TRY IT:
Word for word, copy the data that follows and skip its pictures.

SUPPLIED MATERIAL:
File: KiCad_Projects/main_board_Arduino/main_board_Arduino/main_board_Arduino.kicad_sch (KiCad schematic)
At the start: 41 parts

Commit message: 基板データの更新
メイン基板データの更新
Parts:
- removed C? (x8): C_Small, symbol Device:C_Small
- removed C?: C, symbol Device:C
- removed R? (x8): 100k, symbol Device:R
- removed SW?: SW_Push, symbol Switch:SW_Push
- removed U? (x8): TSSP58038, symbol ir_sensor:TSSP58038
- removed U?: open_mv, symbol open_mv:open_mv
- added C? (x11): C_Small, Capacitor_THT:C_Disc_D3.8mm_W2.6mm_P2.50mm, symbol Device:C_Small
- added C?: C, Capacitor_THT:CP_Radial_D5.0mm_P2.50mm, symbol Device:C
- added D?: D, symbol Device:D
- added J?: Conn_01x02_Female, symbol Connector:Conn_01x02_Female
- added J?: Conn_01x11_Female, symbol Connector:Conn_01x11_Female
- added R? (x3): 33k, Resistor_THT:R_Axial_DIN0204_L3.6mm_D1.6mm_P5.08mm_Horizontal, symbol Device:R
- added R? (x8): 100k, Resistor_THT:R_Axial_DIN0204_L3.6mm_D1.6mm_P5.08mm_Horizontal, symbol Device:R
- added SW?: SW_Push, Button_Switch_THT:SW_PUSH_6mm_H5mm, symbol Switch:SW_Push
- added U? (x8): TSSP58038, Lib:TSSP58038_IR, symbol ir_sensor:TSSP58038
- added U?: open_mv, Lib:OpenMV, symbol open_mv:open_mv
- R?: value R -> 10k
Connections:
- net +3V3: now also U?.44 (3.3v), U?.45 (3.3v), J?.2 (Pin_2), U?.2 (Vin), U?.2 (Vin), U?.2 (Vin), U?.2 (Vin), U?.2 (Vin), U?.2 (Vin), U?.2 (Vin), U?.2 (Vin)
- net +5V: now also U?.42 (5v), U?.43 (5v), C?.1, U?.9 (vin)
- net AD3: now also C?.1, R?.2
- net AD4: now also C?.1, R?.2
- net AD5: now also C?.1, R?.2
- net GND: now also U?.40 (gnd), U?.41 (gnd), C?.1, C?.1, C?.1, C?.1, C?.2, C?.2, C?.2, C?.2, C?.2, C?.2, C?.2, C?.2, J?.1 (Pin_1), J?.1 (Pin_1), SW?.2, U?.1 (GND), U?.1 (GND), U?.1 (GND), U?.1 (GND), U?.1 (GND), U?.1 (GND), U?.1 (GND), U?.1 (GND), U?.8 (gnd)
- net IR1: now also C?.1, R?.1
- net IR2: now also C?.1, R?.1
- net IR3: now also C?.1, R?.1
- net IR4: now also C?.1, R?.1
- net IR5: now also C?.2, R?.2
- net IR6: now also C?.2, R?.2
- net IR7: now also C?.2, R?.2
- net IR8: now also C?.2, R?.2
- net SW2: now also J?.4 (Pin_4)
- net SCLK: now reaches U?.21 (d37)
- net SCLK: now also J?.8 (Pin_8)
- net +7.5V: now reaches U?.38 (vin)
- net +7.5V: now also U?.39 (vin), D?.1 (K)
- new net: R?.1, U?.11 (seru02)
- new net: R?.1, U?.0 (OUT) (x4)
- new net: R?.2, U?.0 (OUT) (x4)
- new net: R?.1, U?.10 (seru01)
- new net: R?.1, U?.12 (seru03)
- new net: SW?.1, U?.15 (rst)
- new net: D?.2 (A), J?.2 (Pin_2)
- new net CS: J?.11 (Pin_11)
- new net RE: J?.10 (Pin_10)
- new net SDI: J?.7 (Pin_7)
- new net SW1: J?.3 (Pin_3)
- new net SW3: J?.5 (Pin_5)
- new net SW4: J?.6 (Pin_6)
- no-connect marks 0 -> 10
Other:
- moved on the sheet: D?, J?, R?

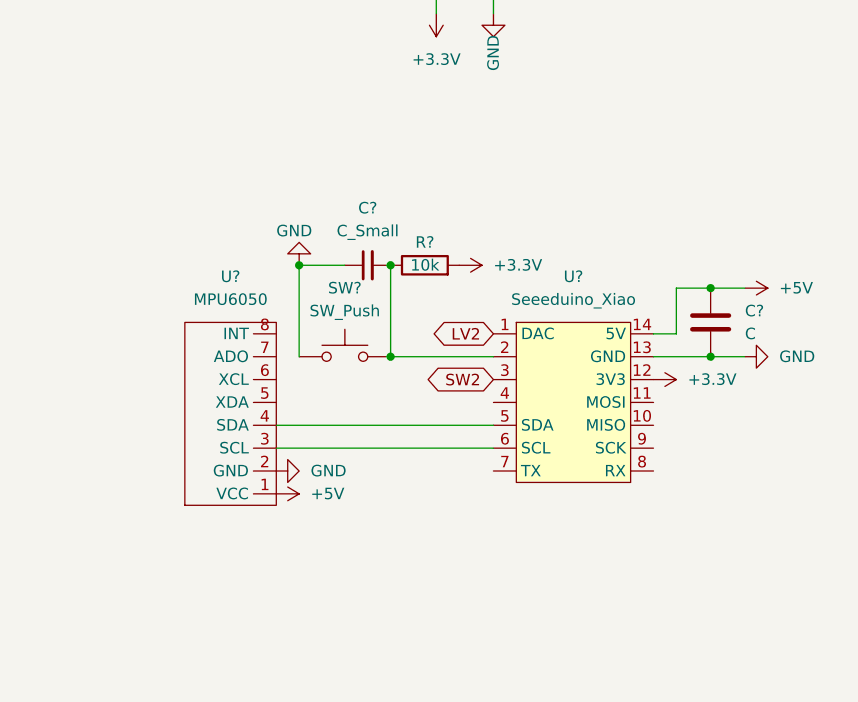
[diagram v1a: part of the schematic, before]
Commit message: 基板データの更新
IO基板のCNCバージョン作成
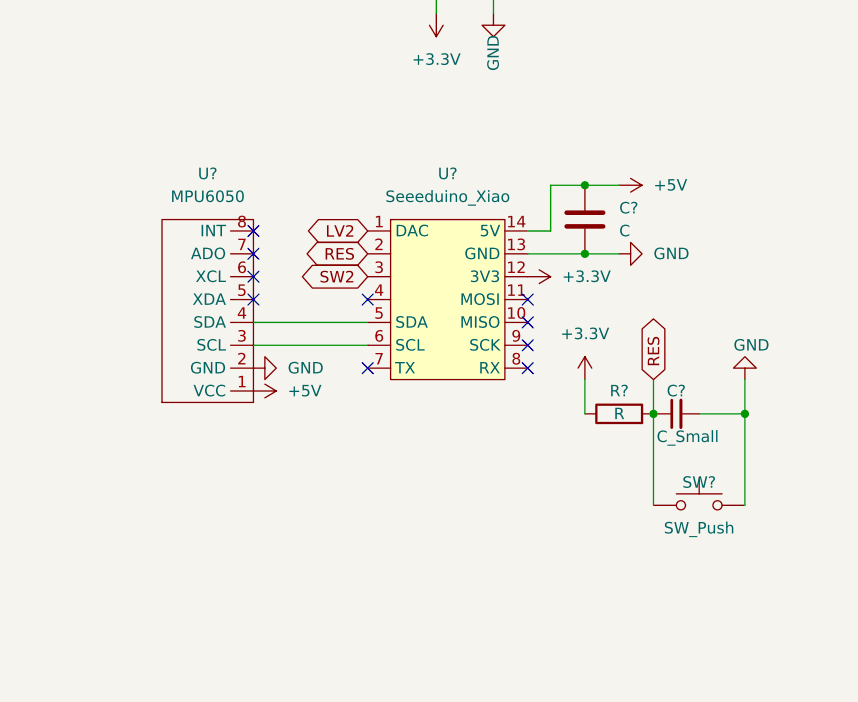
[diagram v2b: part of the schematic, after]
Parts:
- removed C?: C, symbol Device:C
- removed C?: C_Small, symbol Device:C_Small
- removed R?: 10k, symbol Device:R
- removed SW?: SW_Push, symbol Switch:SW_Push
- removed U?: MPU6050, symbol mpu6050:MPU6050
- removed U?: Seeeduino_Xiao, symbol seeeduino_xiao:Seeeduino_Xiao
- added C?: C_Small, Capacitor_THT:C_Disc_D3.8mm_W2.6mm_P2.50mm, symbol Device:C_Small
- added C?: C, Capacitor_THT:CP_Radial_D5.0mm_P2.50mm, symbol Device:C
- added R?: R, Resistor_THT:R_Axial_DIN0204_L3.6mm_D1.6mm_P5.08mm_Horizontal, symbol Device:R
- added SW?: SW_Push, Button_Switch_THT:SW_PUSH_6mm_H5mm, symbol Switch:SW_Push
- added U?: MPU6050, Lib:MPU6050, symbol mpu6050:MPU6050
- added U?: Seeeduino_Xiao, Lib:seeeduinoXIAO, symbol seeeduino_xiao:Seeeduino_Xiao
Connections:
- net +3V3: now also R?.1, U?.12 (3V3)
- net +5V: now also C?.1, U?.1 (VCC), U?.14 (5V)
- net GND: now also C?.2, C?.2, SW?.2, U?.13 (GND), U?.2 (GND)
- net LV2: now also U?.1 (DAC)
- net SW2: now also U?.3
- new net: U?.3 (SCL), U?.6 (SCL)
- new net: U?.4 (SDA), U?.5 (SDA)
- new net RES: C?.1, R?.2, SW?.1, U?.2
- no-connect marks 10 -> 20

EXERCISE RESPONSE:
File: KiCad_Projects/main_board_Arduino/main_board_Arduino/main_board_Arduino.kicad_sch (KiCad schematic)
At the start: 41 parts

Commit message: 基板データの更新
メイン基板データの更新
Parts:
- removed C? (x8): C_Small, symbol Device:C_Small
- removed C?: C, symbol Device:C
- removed R? (x8): 100k, symbol Device:R
- removed SW?: SW_Push, symbol Switch:SW_Push
- removed U? (x8): TSSP58038, symbol ir_sensor:TSSP58038
- removed U?: open_mv, symbol open_mv:open_mv
- added C? (x11): C_Small, Capacitor_THT:C_Disc_D3.8mm_W2.6mm_P2.50mm, symbol Device:C_Small
- added C?: C, Capacitor_THT:CP_Radial_D5.0mm_P2.50mm, symbol Device:C
- added D?: D, symbol Device:D
- added J?: Conn_01x02_Female, symbol Connector:Conn_01x02_Female
- added J?: Conn_01x11_Female, symbol Connector:Conn_01x11_Female
- added R? (x3): 33k, Resistor_THT:R_Axial_DIN0204_L3.6mm_D1.6mm_P5.08mm_Horizontal, symbol Device:R
- added R? (x8): 100k, Resistor_THT:R_Axial_DIN0204_L3.6mm_D1.6mm_P5.08mm_Horizontal, symbol Device:R
- added SW?: SW_Push, Button_Switch_THT:SW_PUSH_6mm_H5mm, symbol Switch:SW_Push
- added U? (x8): TSSP58038, Lib:TSSP58038_IR, symbol ir_sensor:TSSP58038
- added U?: open_mv, Lib:OpenMV, symbol open_mv:open_mv
- R?: value R -> 10k
Connections:
- net +3V3: now also U?.44 (3.3v), U?.45 (3.3v), J?.2 (Pin_2), U?.2 (Vin), U?.2 (Vin), U?.2 (Vin), U?.2 (Vin), U?.2 (Vin), U?.2 (Vin), U?.2 (Vin), U?.2 (Vin)
- net +5V: now also U?.42 (5v), U?.43 (5v), C?.1, U?.9 (vin)
- net AD3: now also C?.1, R?.2
- net AD4: now also C?.1, R?.2
- net AD5: now also C?.1, R?.2
- net GND: now also U?.40 (gnd), U?.41 (gnd), C?.1, C?.1, C?.1, C?.1, C?.2, C?.2, C?.2, C?.2, C?.2, C?.2, C?.2, C?.2, J?.1 (Pin_1), J?.1 (Pin_1), SW?.2, U?.1 (GND), U?.1 (GND), U?.1 (GND), U?.1 (GND), U?.1 (GND), U?.1 (GND), U?.1 (GND), U?.1 (GND), U?.8 (gnd)
- net IR1: now also C?.1, R?.1
- net IR2: now also C?.1, R?.1
- net IR3: now also C?.1, R?.1
- net IR4: now also C?.1, R?.1
- net IR5: now also C?.2, R?.2
- net IR6: now also C?.2, R?.2
- net IR7: now also C?.2, R?.2
- net IR8: now also C?.2, R?.2
- net SW2: now also J?.4 (Pin_4)
- net SCLK: now reaches U?.21 (d37)
- net SCLK: now also J?.8 (Pin_8)
- net +7.5V: now reaches U?.38 (vin)
- net +7.5V: now also U?.39 (vin), D?.1 (K)
- new net: R?.1, U?.11 (seru02)
- new net: R?.1, U?.0 (OUT) (x4)
- new net: R?.2, U?.0 (OUT) (x4)
- new net: R?.1, U?.10 (seru01)
- new net: R?.1, U?.12 (seru03)
- new net: SW?.1, U?.15 (rst)
- new net: D?.2 (A), J?.2 (Pin_2)
- new net CS: J?.11 (Pin_11)
- new net RE: J?.10 (Pin_10)
- new net SDI: J?.7 (Pin_7)
- new net SW1: J?.3 (Pin_3)
- new net SW3: J?.5 (Pin_5)
- new net SW4: J?.6 (Pin_6)
- no-connect marks 0 -> 10
Other:
- moved on the sheet: D?, J?, R?

[diagram v1a: part of the schematic, before]
Commit message: 基板データの更新
IO基板のCNCバージョン作成
[diagram v2b: part of the schematic, after]
Parts:
- removed C?: C, symbol Device:C
- removed C?: C_Small, symbol Device:C_Small
- removed R?: 10k, symbol Device:R
- removed SW?: SW_Push, symbol Switch:SW_Push
- removed U?: MPU6050, symbol mpu6050:MPU6050
- removed U?: Seeeduino_Xiao, symbol seeeduino_xiao:Seeeduino_Xiao
- added C?: C_Small, Capacitor_THT:C_Disc_D3.8mm_W2.6mm_P2.50mm, symbol Device:C_Small
- added C?: C, Capacitor_THT:CP_Radial_D5.0mm_P2.50mm, symbol Device:C
- added R?: R, Resistor_THT:R_Axial_DIN0204_L3.6mm_D1.6mm_P5.08mm_Horizontal, symbol Device:R
- added SW?: SW_Push, Button_Switch_THT:SW_PUSH_6mm_H5mm, symbol Switch:SW_Push
- added U?: MPU6050, Lib:MPU6050, symbol mpu6050:MPU6050
- added U?: Seeeduino_Xiao, Lib:seeeduinoXIAO, symbol seeeduino_xiao:Seeeduino_Xiao
Connections:
- net +3V3: now also R?.1, U?.12 (3V3)
- net +5V: now also C?.1, U?.1 (VCC), U?.14 (5V)
- net GND: now also C?.2, C?.2, SW?.2, U?.13 (GND), U?.2 (GND)
- net LV2: now also U?.1 (DAC)
- net SW2: now also U?.3
- new net: U?.3 (SCL), U?.6 (SCL)
- new net: U?.4 (SDA), U?.5 (SDA)
- new net RES: C?.1, R?.2, SW?.1, U?.2
- no-connect marks 10 -> 20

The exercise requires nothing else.